By Matt Dolloff, CBS Boston

BOSTON (CBS) — Frank Rybczyk made the trek from Middletown, Conn. to the heart of Boston on a cold, rainy Saturday in 1957. To escape the nasty Boston weather, he and a group of three friends had grabbed four tickets to the Celtics – who happened to be playing for the NBA championship. They beat the St. Louis Hawks to win the first of their would-be 17 championship banners.

It was a time where the Red Sox were by far the biggest ticket in town and the Celtics had yet to begin building their legacy as the NBA’s most prolific championship franchise. So Rybczyk and his pals were able to waltz into the Garden to catch the team’s first-ever NBA championship, fully unaware of the dynastic run that would follow.

It was far from the first time Rybczyk would experience such good fortune.

Rybczyk, who turns 77 on Jan. 24, rode his longtime fandom of professional football – and a remarkable run of good luck – to win the 2016 CBS Local Pro Football Challenge.

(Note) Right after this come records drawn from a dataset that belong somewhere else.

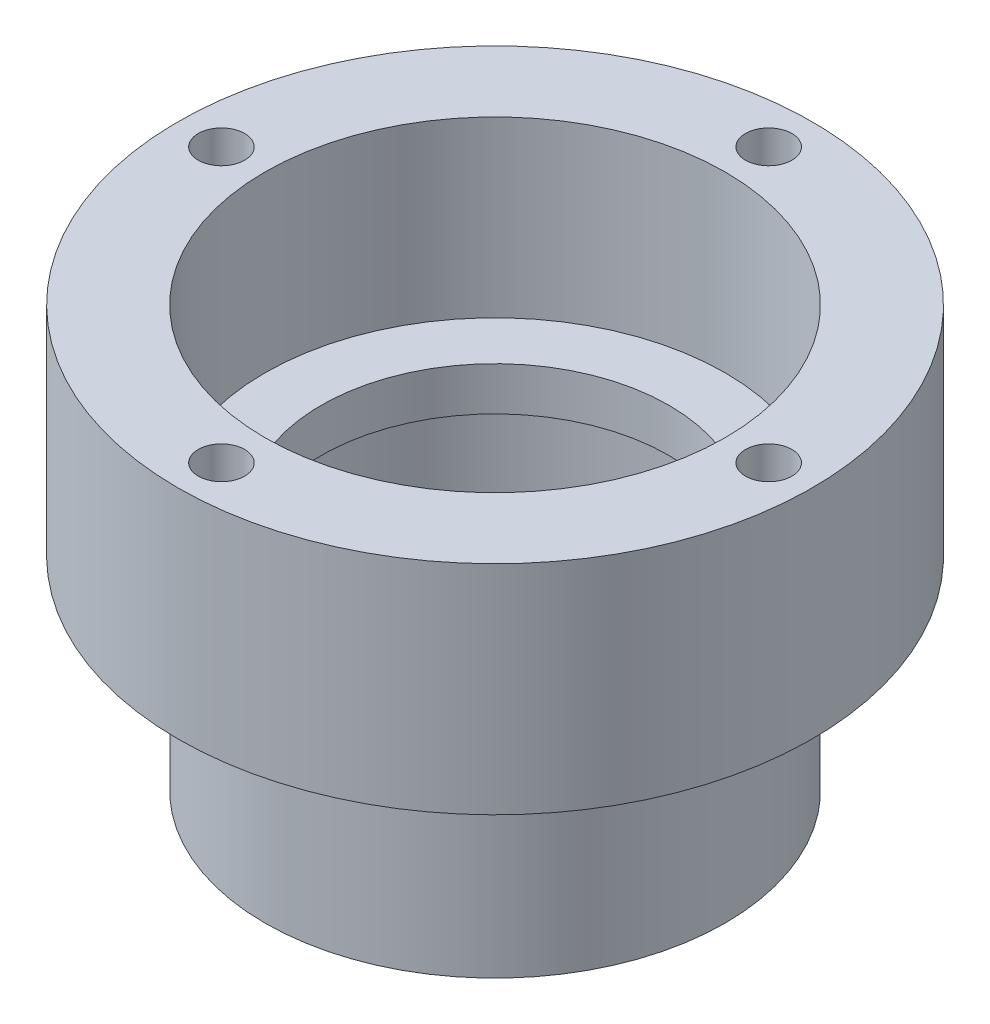
ISO-10303-21;
HEADER;
FILE_DESCRIPTION(('STEP AP214'),'2;1');
FILE_NAME('part.step','',(''),(''),'','','');
FILE_SCHEMA(('AUTOMOTIVE_DESIGN { 1 0 10303 214 1 1 1 1 }'));
ENDSEC;
DATA;
#1=APPLICATION_CONTEXT('core data for automotive mechanical design processes');
#2=APPLICATION_PROTOCOL_DEFINITION('international standard','automotive_design',2000,#1);
#3=PRODUCT_CONTEXT('',#1,'mechanical');
#4=PRODUCT('Part','Part','',(#3));
#5=PRODUCT_RELATED_PRODUCT_CATEGORY('part','',(#4));
#6=PRODUCT_DEFINITION_FORMATION('','',#4);
#7=PRODUCT_DEFINITION_CONTEXT('part definition',#1,'design');
#8=PRODUCT_DEFINITION('design','',#6,#7);
#9=PRODUCT_DEFINITION_SHAPE('','',#8);
#10=(LENGTH_UNIT() NAMED_UNIT(*) SI_UNIT(.MILLI.,.METRE.));
#11=(NAMED_UNIT(*) PLANE_ANGLE_UNIT() SI_UNIT($,.RADIAN.));
#12=(NAMED_UNIT(*) SI_UNIT($,.STERADIAN.) SOLID_ANGLE_UNIT());
#13=UNCERTAINTY_MEASURE_WITH_UNIT(LENGTH_MEASURE(1.E-05),#10,'distance_accuracy_value','');
#14=(GEOMETRIC_REPRESENTATION_CONTEXT(3) GLOBAL_UNCERTAINTY_ASSIGNED_CONTEXT((#13)) GLOBAL_UNIT_ASSIGNED_CONTEXT((#10,
#11,#12)) REPRESENTATION_CONTEXT('',''));
#15=CARTESIAN_POINT('',(0.,0.,0.));
#16=DIRECTION('',(0.,0.,1.));
#17=DIRECTION('',(1.,0.,0.));
#18=AXIS2_PLACEMENT_3D('',#15,#16,#17);
#19=CARTESIAN_POINT('',(0.,7.,0.));
#20=DIRECTION('',(0.,-1.,0.));
#21=DIRECTION('',(0.,0.,-1.));
#22=AXIS2_PLACEMENT_3D('',#19,#20,#21);
#23=CYLINDRICAL_SURFACE('',#22,7.9375);
#24=CARTESIAN_POINT('',(0.,0.,0.));
#25=DIRECTION('',(0.,1.,0.));
#26=DIRECTION('',(0.,0.,1.));
#27=AXIS2_PLACEMENT_3D('',#24,#25,#26);
#28=CIRCLE('',#27,7.9375);
#29=CARTESIAN_POINT('',(0.,0.,7.9375));
#30=VERTEX_POINT('',#29);
#31=EDGE_CURVE('E44',#30,#30,#28,.T.);
#32=ORIENTED_EDGE('',*,*,#31,.T.);
#33=EDGE_LOOP('',(#32));
#34=FACE_BOUND('',#33,.T.);
#35=CARTESIAN_POINT('',(0.,7.,0.));
#36=DIRECTION('',(0.,1.,0.));
#37=DIRECTION('',(0.,0.,1.));
#38=AXIS2_PLACEMENT_3D('',#35,#36,#37);
#39=CIRCLE('',#38,7.9375);
#40=CARTESIAN_POINT('',(0.,7.,7.9375));
#41=VERTEX_POINT('',#40);
#42=EDGE_CURVE('E40',#41,#41,#39,.T.);
#43=ORIENTED_EDGE('',*,*,#42,.F.);
#44=EDGE_LOOP('',(#43));
#45=FACE_BOUND('',#44,.T.);
#46=ADVANCED_FACE('F34',(#34,#45),#23,.T.);
#47=CARTESIAN_POINT('',(0.,0.,0.));
#48=DIRECTION('',(0.,1.,0.));
#49=DIRECTION('',(0.,0.,1.));
#50=AXIS2_PLACEMENT_3D('',#47,#48,#49);
#51=PLANE('',#50);
#52=ORIENTED_EDGE('',*,*,#31,.F.);
#53=EDGE_LOOP('',(#52));
#54=FACE_BOUND('',#53,.T.);
#55=CARTESIAN_POINT('',(0.,0.,0.));
#56=DIRECTION('',(0.,1.,0.));
#57=DIRECTION('',(0.,0.,1.));
#58=AXIS2_PLACEMENT_3D('',#55,#56,#57);
#59=CIRCLE('',#58,6.9375);
#60=CARTESIAN_POINT('',(0.,0.,6.9375));
#61=VERTEX_POINT('',#60);
#62=EDGE_CURVE('E49',#61,#61,#59,.T.);
#63=ORIENTED_EDGE('',*,*,#62,.T.);
#64=EDGE_LOOP('',(#63));
#65=FACE_BOUND('',#64,.T.);
#66=ADVANCED_FACE('F66',(#54,#65),#51,.F.);
#67=CARTESIAN_POINT('',(0.,7.,0.));
#68=DIRECTION('',(0.,-1.,0.));
#69=DIRECTION('',(0.,0.,-1.));
#70=AXIS2_PLACEMENT_3D('',#67,#68,#69);
#71=CYLINDRICAL_SURFACE('',#70,6.9375);
#72=CARTESIAN_POINT('',(0.,7.,0.));
#73=DIRECTION('',(0.,1.,0.));
#74=DIRECTION('',(0.,0.,1.));
#75=AXIS2_PLACEMENT_3D('',#72,#73,#74);
#76=CIRCLE('',#75,6.9375);
#77=CARTESIAN_POINT('',(0.,7.,6.9375));
#78=VERTEX_POINT('',#77);
#79=EDGE_CURVE('E57',#78,#78,#76,.T.);
#80=ORIENTED_EDGE('',*,*,#79,.T.);
#81=EDGE_LOOP('',(#80));
#82=FACE_BOUND('',#81,.T.);
#83=ORIENTED_EDGE('',*,*,#62,.F.);
#84=EDGE_LOOP('',(#83));
#85=FACE_BOUND('',#84,.T.);
#86=ADVANCED_FACE('F68',(#82,#85),#71,.F.);
#87=CARTESIAN_POINT('',(0.,7.,0.));
#88=DIRECTION('',(0.,1.,0.));
#89=DIRECTION('',(0.,0.,1.));
#90=AXIS2_PLACEMENT_3D('',#87,#88,#89);
#91=PLANE('',#90);
#92=CARTESIAN_POINT('',(0.,7.,0.));
#93=DIRECTION('',(0.,1.,0.));
#94=DIRECTION('',(0.,0.,1.));
#95=AXIS2_PLACEMENT_3D('',#92,#93,#94);
#96=CIRCLE('',#95,6.);
#97=CARTESIAN_POINT('',(0.,7.,6.));
#98=VERTEX_POINT('',#97);
#99=EDGE_CURVE('E58',#98,#98,#96,.T.);
#100=ORIENTED_EDGE('',*,*,#99,.T.);
#101=EDGE_LOOP('',(#100));
#102=FACE_BOUND('',#101,.T.);
#103=ORIENTED_EDGE('',*,*,#79,.F.);
#104=EDGE_LOOP('',(#103));
#105=FACE_BOUND('',#104,.T.);
#106=ADVANCED_FACE('F70',(#102,#105),#91,.F.);
#107=CARTESIAN_POINT('',(0.,8.5,0.));
#108=DIRECTION('',(0.,1.,0.));
#109=DIRECTION('',(0.,0.,1.));
#110=AXIS2_PLACEMENT_3D('',#107,#108,#109);
#111=PLANE('',#110);
#112=CARTESIAN_POINT('',(0.,8.5,0.));
#113=DIRECTION('',(0.,1.,0.));
#114=DIRECTION('',(0.,0.,1.));
#115=AXIS2_PLACEMENT_3D('',#112,#113,#114);
#116=CIRCLE('',#115,7.9375);
#117=CARTESIAN_POINT('',(0.,8.5,7.9375));
#118=VERTEX_POINT('',#117);
#119=EDGE_CURVE('E10',#118,#118,#116,.F.);
#120=ORIENTED_EDGE('',*,*,#119,.F.);
#121=EDGE_LOOP('',(#120));
#122=FACE_BOUND('',#121,.T.);
#123=CARTESIAN_POINT('',(0.,8.5,0.));
#124=DIRECTION('',(0.,1.,0.));
#125=DIRECTION('',(0.,0.,1.));
#126=AXIS2_PLACEMENT_3D('',#123,#124,#125);
#127=CIRCLE('',#126,6.);
#128=CARTESIAN_POINT('',(0.,8.5,6.));
#129=VERTEX_POINT('',#128);
#130=EDGE_CURVE('E54',#129,#129,#127,.T.);
#131=ORIENTED_EDGE('',*,*,#130,.F.);
#132=EDGE_LOOP('',(#131));
#133=FACE_BOUND('',#132,.T.);
#134=ADVANCED_FACE('F77',(#122,#133),#111,.T.);
#135=CARTESIAN_POINT('',(0.,8.5,0.));
#136=DIRECTION('',(0.,-1.,0.));
#137=DIRECTION('',(0.,0.,-1.));
#138=AXIS2_PLACEMENT_3D('',#135,#136,#137);
#139=CYLINDRICAL_SURFACE('',#138,6.);
#140=ORIENTED_EDGE('',*,*,#130,.T.);
#141=EDGE_LOOP('',(#140));
#142=FACE_BOUND('',#141,.T.);
#143=ORIENTED_EDGE('',*,*,#99,.F.);
#144=EDGE_LOOP('',(#143));
#145=FACE_BOUND('',#144,.T.);
#146=ADVANCED_FACE('F109',(#142,#145),#139,.F.);
#147=CARTESIAN_POINT('',(0.,7.,0.));
#148=DIRECTION('',(0.,1.,0.));
#149=DIRECTION('',(0.,0.,1.));
#150=AXIS2_PLACEMENT_3D('',#147,#148,#149);
#151=PLANE('',#150);
#152=CARTESIAN_POINT('',(0.,7.,0.));
#153=DIRECTION('',(0.,1.,0.));
#154=DIRECTION('',(0.,0.,1.));
#155=AXIS2_PLACEMENT_3D('',#152,#153,#154);
#156=CIRCLE('',#155,10.9375);
#157=CARTESIAN_POINT('',(0.,7.,10.9375));
#158=VERTEX_POINT('',#157);
#159=EDGE_CURVE('E52',#158,#158,#156,.T.);
#160=ORIENTED_EDGE('',*,*,#159,.F.);
#161=EDGE_LOOP('',(#160));
#162=FACE_BOUND('',#161,.T.);
#163=ORIENTED_EDGE('',*,*,#42,.T.);
#164=EDGE_LOOP('',(#163));
#165=FACE_BOUND('',#164,.T.);
#166=ADVANCED_FACE('F113',(#162,#165),#151,.F.);
#167=CARTESIAN_POINT('',(0.,-23.9359216769114,0.));
#168=DIRECTION('',(0.,1.,0.));
#169=DIRECTION('',(0.,0.,1.));
#170=AXIS2_PLACEMENT_3D('',#167,#168,#169);
#171=CYLINDRICAL_SURFACE('',#170,10.9375);
#172=ORIENTED_EDGE('',*,*,#159,.T.);
#173=EDGE_LOOP('',(#172));
#174=FACE_BOUND('',#173,.T.);
#175=CARTESIAN_POINT('',(0.,14.5,0.));
#176=DIRECTION('',(0.,1.,0.));
#177=DIRECTION('',(0.,0.,1.));
#178=AXIS2_PLACEMENT_3D('',#175,#176,#177);
#179=CIRCLE('',#178,10.9375);
#180=CARTESIAN_POINT('',(0.,14.5,10.9375));
#181=VERTEX_POINT('',#180);
#182=EDGE_CURVE('E333',#181,#181,#179,.T.);
#183=ORIENTED_EDGE('',*,*,#182,.F.);
#184=EDGE_LOOP('',(#183));
#185=FACE_BOUND('',#184,.T.);
#186=ADVANCED_FACE('F125',(#174,#185),#171,.T.);
#187=CARTESIAN_POINT('',(0.,14.5,0.));
#188=DIRECTION('',(0.,1.,0.));
#189=DIRECTION('',(0.,0.,1.));
#190=AXIS2_PLACEMENT_3D('',#187,#188,#189);
#191=PLANE('',#190);
#192=CARTESIAN_POINT('',(0.,14.5,-9.4375));
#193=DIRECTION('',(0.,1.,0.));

He outlasted over 24,000 national entrants and beat out Boston’s own experts like Bob Socci, Dan Roche, Tony Massarotti, and several others. Entering on, Rybczyk won himself a $5,000 American Express Gift Card.

How did Rybczyk, who now resides in Montgomery, Ala., pull it off? While he repeatedly insisted that he simply “got lucky” – everyone needs some luck to win such a large contest – he mostly looked at who was under center.

“I primarily looked at quarterback matchups,” said Rybczyk, who has been following the NFL since the pre-Super Bowl days in the 1950s, before the Patriots even existed. “Obviously I like [Tom] Brady, I like Matt Ryan, I like [Matthew] Stafford, I like Derek Carr. … If they were playing, I picked them. That’s really the only thing I did.”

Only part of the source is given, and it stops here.